To the best of my knowledge there has never been a film that treats exorcism in a matter of fact manner that takes science and psychology into consideration which is something that The Rite starts out doing before quickly devolving into the run of the mill thriller that it ends up becoming. The much more interesting film to make would have been a closer adaptation of the novel, but somewhere between the page and screen this notion is largely abandoned.

Rite, The
Video
The Rite has a great gothic look to it, and the resulting video on this Blu-ray makes for an exceptional viewing experience. The 2.40:1, 1080p AVC encoded transfer handles the dark photography of the film nicely with deep blacks while at the same time offering nice detail, especially in the background where the Italian architecture shines. Being a newer theatrically released film, the print used doesn't suffer from any sort of damage such as dirt or debris that might pop up with older films. Overall this is a very strong presentation of the film.

Audio
I was quite surprised with the robustness of the DTS-HD Master Audio 5.1 audio track presentation here. I was expecting a much quieter film with minimal use of surround effects that ramped up during more frightening parts, but The Rite rustles with directional effects during everything from crowded sequences of street walking to its exorcism scenes and makes strong use of the LFE channel whenever possible for the majority of the picture. It also manages to do so without the expense of making the dialogue unintelligible, something that is greatly needed during the long passages of dialogue throughout.

Rite, The
Extras
From a technical perspective the disc's audio and video didn't disappoint, but the high definition extras included are rather brief. The main feature included here is a quick eight-minute featurette entitled 'The Rite: Solider of God' which features interviews with Father Gary Thomas who was the subject of the novel and technical advisor on the film. In it he mainly discusses his training and personal experiences which is interesting, but the feature doesn't offer up much insight into the making of the picture.
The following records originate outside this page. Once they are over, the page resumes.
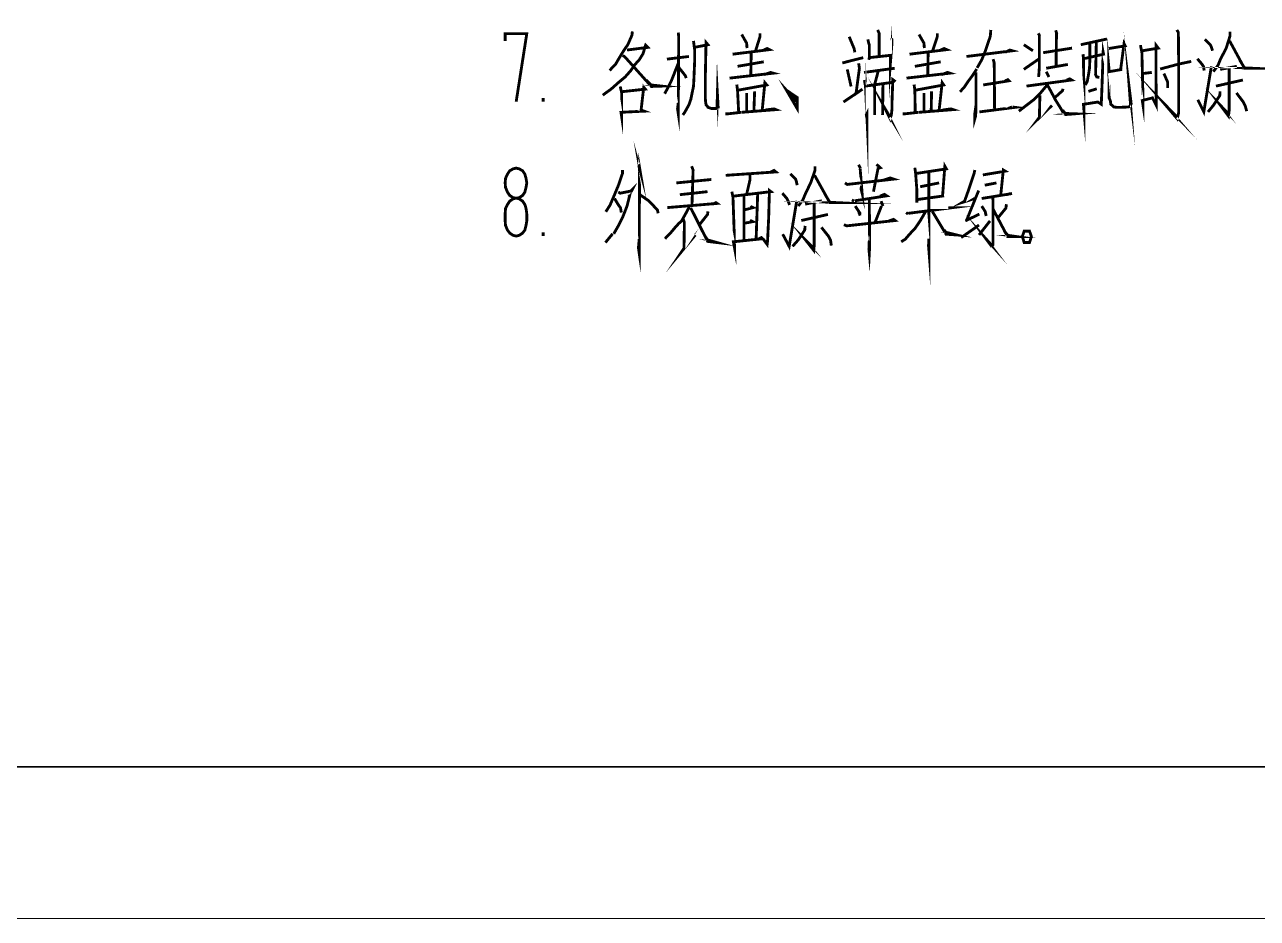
# Model space of a CAD drawing. Header units: millimetres. Extents: x -2378 to 2378, y -1682 to 1682.
# Drawn here: x -913 to -262, y -1682 to -1210 of the extents above; entities that cross this region are included whole.
import ezdxf

# ---------------------------------------------------------------- set-up
doc = ezdxf.new("R2010")
doc.units = ezdxf.units.MM
doc.layers.add('粗实线层', color=7, linetype='Continuous', lineweight=35)
doc.layers.add('细实线层', color=7, linetype='Continuous', lineweight=18)

# ---------------------------------------------------------------- blocks, each defined once
blk = doc.blocks.new('$CAXA_FRAME_13B17AC1$')
at = {"layer": '粗实线层'}
blk.add_line((-574.5, -400.5), (574.5, -400.5), dxfattribs=at)
at = {"layer": '细实线层'}
blk.add_line((-594.5, -420.5), (594.5, -420.5), dxfattribs=at)

msp = doc.modelspace()

# ---------------------------------------------------------------- linework, layer by layer
at = {"layer": '细实线层', "color": 6}
for points in [[(-653.12, -1251.045, 1.5, 1.5, 0), (-647.519, -1215.17, 1.5, 1.5, 0), (-658.936, -1215.17, 1.5, 1.5, 0), (-658.936, -1218.987, 1.5, 1.5, 0)], [(-591.81, -1213.977, 1.5, 1.5, 0), (-592.014, -1215.977, 1.5, 1.5, 0), (-594.218, -1220.987, 1.5, 1.5, 0), (-596.422, -1224.19, 1.5, 1.5, 0), (-598.626, -1227.803, 1.5, 1.5, 0), (-600.625, -1231.211, 1.5, 1.5, 0), (-603.829, -1234.607, 1.5, 1.5, 0)], [(-567.567, -1214.568, 1.5, 1.5, 0), (-567.363, -1216.783, 1.5, 1.5, 0), (-567.567, -1257.452, 1.5, 1.5, 0), (-567.965, -1254.851, 1.5, 1.5, 0), (-567.567, -1251.647, 1.5, 1.5, 0)], [(-534.101, -1215.579, 1.5, 1.5, 0), (-531.499, -1220.18, 1.5, 1.5, 0), (-531.295, -1222.793, 1.5, 1.5, 0)], [(-524.479, -1214.977, 1.5, 1.5, 0), (-524.479, -1216.783, 1.5, 1.5, 0), (-526.887, -1224.588, 1.5, 1.5, 0)], [(-477.392, -1216.783, 1.5, 1.5, 0), (-474.79, -1222.986, 1.5, 1.5, 0), (-474.393, -1224.997, 1.5, 1.5, 0)], [(-466.975, -1228.995, 1.5, 1.5, 0), (-466.77, -1227.803, 1.5, 1.5, 0), (-455.558, -1226.598, 1.5, 1.5, 0), (-455.558, -1229.802, 1.5, 1.5, 0), (-454.751, -1219.385, 1.5, 1.5, 0), (-454.956, -1217.579, 1.5, 1.5, 0)], [(-462.362, -1213.171, 1.5, 1.5, 0), (-461.567, -1214.977, 1.5, 1.5, 0), (-461.567, -1227.201, 1.5, 1.5, 0)], [(-440.529, -1215.579, 1.5, 1.5, 0), (-437.916, -1220.18, 1.5, 1.5, 0), (-437.723, -1222.793, 1.5, 1.5, 0)], [(-430.907, -1214.977, 1.5, 1.5, 0), (-430.907, -1216.783, 1.5, 1.5, 0), (-433.508, -1224.588, 1.5, 1.5, 0)], [(-402.654, -1213.171, 1.5, 1.5, 0), (-402.859, -1215.977, 1.5, 1.5, 0), (-403.052, -1216.977, 1.5, 1.5, 0), (-405.653, -1224.588, 1.5, 1.5, 0), (-407.46, -1228.995, 1.5, 1.5, 0), (-409.868, -1233.21, 1.5, 1.5, 0)], [(-377.605, -1214.977, 1.5, 1.5, 0), (-376.799, -1216.374, 1.5, 1.5, 0)], [(-377.003, -1215.977, 1.5, 1.5, 0), (-377.003, -1232.608, 1.5, 1.5, 0), (-377.401, -1238.015, 1.5, 1.5, 0)], [(-368.393, -1213.375, 1.5, 1.5, 0), (-367.79, -1215.375, 1.5, 1.5, 0)], [(-367.984, -1214.568, 1.5, 1.5, 0), (-368.188, -1232.403, 1.5, 1.5, 0)], [(-328.508, -1252.647, 1.5, 1.5, 0), (-329.519, -1244.434, 1.5, 1.5, 0), (-328.917, -1252.647, 1.5, 1.5, 0)], [(-304.47, -1213.171, 1.5, 1.5, 0), (-303.663, -1214.568, 1.5, 1.5, 0), (-303.47, -1234.812, 1.5, 1.5, 0), (-303.47, -1247.637, 1.5, 1.5, 0), (-303.47, -1256.657, 1.5, 1.5, 0), (-304.265, -1260.065, 1.5, 1.5, 0), (-310.082, -1253.249, 1.5, 1.5, 0), (-304.265, -1259.258, 1.5, 1.5, 0)], [(-276.411, -1214.171, 1.5, 1.5, 0), (-276.411, -1216.374, 1.5, 1.5, 0), (-278.421, -1222.793, 1.5, 1.5, 0), (-281.42, -1228.598, 1.5, 1.5, 0), (-282.829, -1232.006, 1.5, 1.5, 0), (-285.226, -1235.209, 1.5, 1.5, 0)], [(-594.616, -1223.793, 1.5, 1.5, 0), (-583.596, -1222.384, 1.5, 1.5, 0), (-584.801, -1221.191, 1.5, 1.5, 0), (-586.198, -1225.792, 1.5, 1.5, 0), (-588.197, -1228.995, 1.5, 1.5, 0), (-590.412, -1231.404, 1.5, 1.5, 0), (-592.616, -1234.607, 1.5, 1.5, 0), (-595.615, -1238.015, 1.5, 1.5, 0), (-599.228, -1241.026, 1.5, 1.5, 0), (-603.033, -1244.434, 1.5, 1.5, 0), (-605.839, -1246.433, 1.5, 1.5, 0), (-607.441, -1247.637, 1.5, 1.5, 0)], [(-559.547, -1218.987, 1.5, 1.5, 0), (-558.945, -1223.588, 1.5, 1.5, 0), (-558.945, -1230.006, 1.5, 1.5, 0), (-559.15, -1234.812, 1.5, 1.5, 0), (-559.343, -1239.424, 1.5, 1.5, 0), (-559.547, -1243.025, 1.5, 1.5, 0), (-560.354, -1246.831, 1.5, 1.5, 0), (-560.956, -1249.841, 1.5, 1.5, 0), (-561.956, -1252.647, 1.5, 1.5, 0), (-563.16, -1254.851, 1.5, 1.5, 0), (-564.159, -1256.657, 1.5, 1.5, 0), (-565.159, -1258.054, 1.5, 1.5, 0)], [(-558.945, -1222.384, 1.5, 1.5, 0), (-551.936, -1220.987, 1.5, 1.5, 0), (-552.936, -1219.782, 1.5, 1.5, 0), (-553.333, -1239.617, 1.5, 1.5, 0), (-553.333, -1244.229, 1.5, 1.5, 0), (-553.333, -1249.034, 1.5, 1.5, 0), (-553.14, -1251.238, 1.5, 1.5, 0), (-552.936, -1252.647, 1.5, 1.5, 0), (-552.334, -1253.249, 1.5, 1.5, 0), (-551.936, -1254.044, 1.5, 1.5, 0), (-550.13, -1254.646, 1.5, 1.5, 0), (-547.528, -1254.646, 1.5, 1.5, 0), (-546.529, -1254.044, 1.5, 1.5, 0), (-546.926, -1247.035, 1.5, 1.5, 0), (-547.131, -1254.044, 1.5, 1.5, 0), (-547.721, -1254.646, 1.5, 1.5, 0)], [(-538.906, -1225.996, 1.5, 1.5, 0), (-519.469, -1223.588, 1.5, 1.5, 0), (-520.673, -1222.986, 1.5, 1.5, 0), (-522.48, -1223.793, 1.5, 1.5, 0)], [(-467.577, -1218.181, 1.5, 1.5, 0), (-466.77, -1221.191, 1.5, 1.5, 0), (-466.77, -1228.405, 1.5, 1.5, 0)], [(-445.538, -1225.996, 1.5, 1.5, 0), (-425.897, -1223.588, 1.5, 1.5, 0), (-427.294, -1222.986, 1.5, 1.5, 0), (-429.1, -1223.793, 1.5, 1.5, 0)], [(-385.217, -1220.987, 1.5, 1.5, 0), (-380.411, -1224.19, 1.5, 1.5, 0)], [(-375.004, -1225.19, 1.5, 1.5, 0), (-359.77, -1222.793, 1.5, 1.5, 0)], [(-355.158, -1220.987, 1.5, 1.5, 0), (-341.333, -1217.976, 1.5, 1.5, 0)], [(-353.965, -1225.996, 1.5, 1.5, 0), (-353.761, -1228.405, 1.5, 1.5, 0), (-353.556, -1241.628, 1.5, 1.5, 0), (-353.556, -1245.229, 1.5, 1.5, 0), (-353.556, -1254.851, 1.5, 1.5, 0), (-353.761, -1252.442, 1.5, 1.5, 0), (-346.15, -1251.238, 1.5, 1.5, 0), (-344.343, -1252.442, 1.5, 1.5, 0), (-343.946, -1242.23, 1.5, 1.5, 0), (-343.344, -1224.997, 1.5, 1.5, 0), (-343.139, -1225.996, 1.5, 1.5, 0), (-353.761, -1228.405, 1.5, 1.5, 0)], [(-350.353, -1220.18, 1.5, 1.5, 0), (-350.353, -1228.598, 1.5, 1.5, 0), (-350.557, -1233.414, 1.5, 1.5, 0), (-351.159, -1237.22, 1.5, 1.5, 0), (-351.761, -1240.424, 1.5, 1.5, 0), (-352.761, -1242.23, 1.5, 1.5, 0)], [(-346.945, -1219.385, 1.5, 1.5, 0), (-347.354, -1236.811, 1.5, 1.5, 0), (-346.752, -1238.015, 1.5, 1.5, 0), (-345.343, -1238.22, 1.5, 1.5, 0)], [(-333.324, -1234.005, 1.5, 1.5, 0), (-340.14, -1235.209, 1.5, 1.5, 0), (-340.333, -1233.21, 1.5, 1.5, 0), (-340.333, -1236.811, 1.5, 1.5, 0), (-340.14, -1246.831, 1.5, 1.5, 0), (-340.14, -1249.239, 1.5, 1.5, 0), (-339.538, -1250.636, 1.5, 1.5, 0), (-339.334, -1252.442, 1.5, 1.5, 0), (-338.527, -1253.045, 1.5, 1.5, 0), (-337.732, -1253.851, 1.5, 1.5, 0), (-335.926, -1254.044, 1.5, 1.5, 0), (-334.528, -1254.044, 1.5, 1.5, 0), (-329.916, -1253.851, 1.5, 1.5, 0), (-328.917, -1253.045, 1.5, 1.5, 0)], [(-340.333, -1222.986, 1.5, 1.5, 0), (-331.722, -1221.589, 1.5, 1.5, 0), (-332.325, -1220.385, 1.5, 1.5, 0), (-334.119, -1234.005, 1.5, 1.5, 0)], [(-323.702, -1221.191, 1.5, 1.5, 0), (-322.907, -1224.997, 1.5, 1.5, 0), (-322.305, -1250.443, 1.5, 1.5, 0), (-322.305, -1253.045, 1.5, 1.5, 0), (-322.703, -1250.443, 1.5, 1.5, 0), (-317.295, -1249.034, 1.5, 1.5, 0), (-315.285, -1253.045, 1.5, 1.5, 0), (-315.489, -1236.811, 1.5, 1.5, 0), (-315.489, -1221.191, 1.5, 1.5, 0), (-314.285, -1222.793, 1.5, 1.5, 0), (-322.703, -1224.19, 1.5, 1.5, 0)], [(-276.615, -1218.987, 1.5, 1.5, 0), (-268.799, -1233.414, 1.5, 1.5, 0), (-264.392, -1233.414, 1.5, 1.5, 0), (-268.799, -1233.21, 1.5, 1.5, 0), (-271.208, -1229.2, 1.5, 1.5, 0)], [(-289.645, -1218.181, 1.5, 1.5, 0), (-286.839, -1220.987, 1.5, 1.5, 0), (-286.43, -1221.782, 1.5, 1.5, 0), (-285.635, -1224.19, 1.5, 1.5, 0)], [(-596.819, -1226.598, 1.5, 1.5, 0), (-595.411, -1227.803, 1.5, 1.5, 0), (-581.79, -1243.025, 1.5, 1.5, 0), (-576.383, -1242.832, 1.5, 1.5, 0), (-581.995, -1242.23, 1.5, 1.5, 0), (-584.596, -1239.617, 1.5, 1.5, 0)], [(-573.577, -1228.598, 1.5, 1.5, 0), (-561.956, -1227.201, 1.5, 1.5, 0)], [(-522.48, -1230.006, 1.5, 1.5, 0), (-536.305, -1232.403, 1.5, 1.5, 0)], [(-529.091, -1225.19, 1.5, 1.5, 0), (-529.296, -1237.413, 1.5, 1.5, 0)], [(-481.004, -1230.609, 1.5, 1.5, 0), (-469.985, -1227.803, 1.5, 1.5, 0)], [(-467.974, -1260.065, 1.5, 1.5, 0), (-468.372, -1258.054, 1.5, 1.5, 0), (-467.974, -1257.259, 1.5, 1.5, 0), (-467.974, -1260.065, 1.5, 1.5, 0), (-468.781, -1242.832, 1.5, 1.5, 0), (-469.383, -1239.617, 1.5, 1.5, 0)], [(-429.1, -1230.006, 1.5, 1.5, 0), (-442.732, -1232.403, 1.5, 1.5, 0)], [(-435.712, -1225.19, 1.5, 1.5, 0), (-435.916, -1237.413, 1.5, 1.5, 0)], [(-415.48, -1227.201, 1.5, 1.5, 0), (-391.226, -1224.19, 1.5, 1.5, 0), (-392.635, -1223.793, 1.5, 1.5, 0), (-395.043, -1224.997, 1.5, 1.5, 0)], [(-401.45, -1228.598, 1.5, 1.5, 0), (-400.848, -1230.609, 1.5, 1.5, 0), (-400.644, -1255.248, 1.5, 1.5, 0)], [(-385.217, -1234.005, 1.5, 1.5, 0), (-377.401, -1228.598, 1.5, 1.5, 0)], [(-313.285, -1233.812, 1.5, 1.5, 0), (-303.47, -1231.211, 1.5, 1.5, 0), (-296.859, -1229.802, 1.5, 1.5, 0)], [(-293.644, -1228.405, 1.5, 1.5, 0), (-291.247, -1231.211, 1.5, 1.5, 0), (-290.44, -1232.403, 1.5, 1.5, 0), (-290.043, -1234.607, 1.5, 1.5, 0)], [(-567.567, -1230.802, 1.5, 1.5, 0), (-569.169, -1234.812, 1.5, 1.5, 0), (-570.975, -1239.424, 1.5, 1.5, 0), (-572.577, -1242.832, 1.5, 1.5, 0), (-573.77, -1245.036, 1.5, 1.5, 0), (-574.781, -1246.831, 1.5, 1.5, 0)], [(-567.567, -1232.608, 1.5, 1.5, 0), (-563.955, -1237.22, 1.5, 1.5, 0), (-563.353, -1238.617, 1.5, 1.5, 0)], [(-540.508, -1238.617, 1.5, 1.5, 0), (-517.47, -1236.016, 1.5, 1.5, 0), (-518.867, -1235.618, 1.5, 1.5, 0), (-522.275, -1236.811, 1.5, 1.5, 0)], [(-472.382, -1230.802, 1.5, 1.5, 0), (-471.984, -1233.414, 1.5, 1.5, 0), (-473.791, -1246.831, 1.5, 1.5, 0), (-470.383, -1244.434, 1.5, 1.5, 0), (-480.402, -1251.238, 1.5, 1.5, 0)], [(-478.391, -1234.005, 1.5, 1.5, 0), (-476.392, -1243.025, 1.5, 1.5, 0)], [(-469.576, -1235.618, 1.5, 1.5, 0), (-453.354, -1233.414, 1.5, 1.5, 0)], [(-461.965, -1234.607, 1.5, 1.5, 0), (-463.964, -1242.025, 1.5, 1.5, 0), (-463.964, -1258.054, 1.5, 1.5, 0)], [(-447.14, -1238.617, 1.5, 1.5, 0), (-424.295, -1236.016, 1.5, 1.5, 0), (-425.499, -1235.618, 1.5, 1.5, 0), (-428.703, -1236.811, 1.5, 1.5, 0)], [(-410.072, -1233.812, 1.5, 1.5, 0), (-412.276, -1237.22, 1.5, 1.5, 0), (-414.673, -1240.424, 1.5, 1.5, 0), (-416.684, -1243.423, 1.5, 1.5, 0), (-418.888, -1245.831, 1.5, 1.5, 0)], [(-410.47, -1235.618, 1.5, 1.5, 0), (-410.47, -1254.851, 1.5, 1.5, 0), (-410.663, -1258.656, 1.5, 1.5, 0), (-411.072, -1260.065, 1.5, 1.5, 0), (-411.072, -1257.259, 1.5, 1.5, 0), (-410.47, -1253.045, 1.5, 1.5, 0)], [(-373.402, -1233.414, 1.5, 1.5, 0), (-361.974, -1231.404, 1.5, 1.5, 0)], [(-373.402, -1235.209, 1.5, 1.5, 0), (-371.994, -1238.015, 1.5, 1.5, 0)], [(-322.498, -1236.209, 1.5, 1.5, 0), (-317.693, -1235.618, 1.5, 1.5, 0)], [(-311.286, -1236.209, 1.5, 1.5, 0), (-309.275, -1240.821, 1.5, 1.5, 0), (-309.275, -1243.832, 1.5, 1.5, 0)], [(-293.451, -1250.045, 1.5, 1.5, 0), (-290.236, -1256.453, 1.5, 1.5, 0), (-286.237, -1232.403, 1.5, 1.5, 0)], [(-276.82, -1233.414, 1.5, 1.5, 0), (-276.82, -1255.453, 1.5, 1.5, 0), (-277.217, -1258.656, 1.5, 1.5, 0), (-281.42, -1253.045, 1.5, 1.5, 0), (-277.217, -1257.452, 1.5, 1.5, 0), (-276.82, -1255.453, 1.5, 1.5, 0)], [(-272.809, -1232.403, 1.5, 1.5, 0), (-281.625, -1234.005, 1.5, 1.5, 0)], [(-598.217, -1243.025, 1.5, 1.5, 0), (-597.421, -1246.433, 1.5, 1.5, 0), (-597.421, -1259.258, 1.5, 1.5, 0), (-597.819, -1256.657, 1.5, 1.5, 0), (-585.596, -1256.055, 1.5, 1.5, 0), (-587.197, -1255.453, 1.5, 1.5, 0), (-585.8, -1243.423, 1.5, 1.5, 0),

Rounding out the extras are a series of seven deleted scenes that offer a bit more characterisation and exposition that are interesting but not necessary and wisely cut from the film and an alternate ending that while billed as "Chilling" is anything but. A DVD copy of the film as well as a digital copy are also included and the disc features BD-Live functionality, but no extras specific to this film were present at the time of review.

Rite, The
Overall
There has been a spate of exorcism related horror films released over the past few years, and if it had stuck to the source material The Rite could have stood out from the crowd as an intelligent thriller. Unfortunately instead it'll just be known as 'the one with Anthony Hopkins' and filed away with the rest of the Emily Roses of the film world. Warner's presentation of the film on Blu-ray is strong with a great audio and video presentation, though the disc is lacking in the extras department. Overall this might rate a rental for those inclined to the genre, but those wanting to see Hopkins in a horror setting are better off going with Audrey Rose or Richard Attenborough's Magic.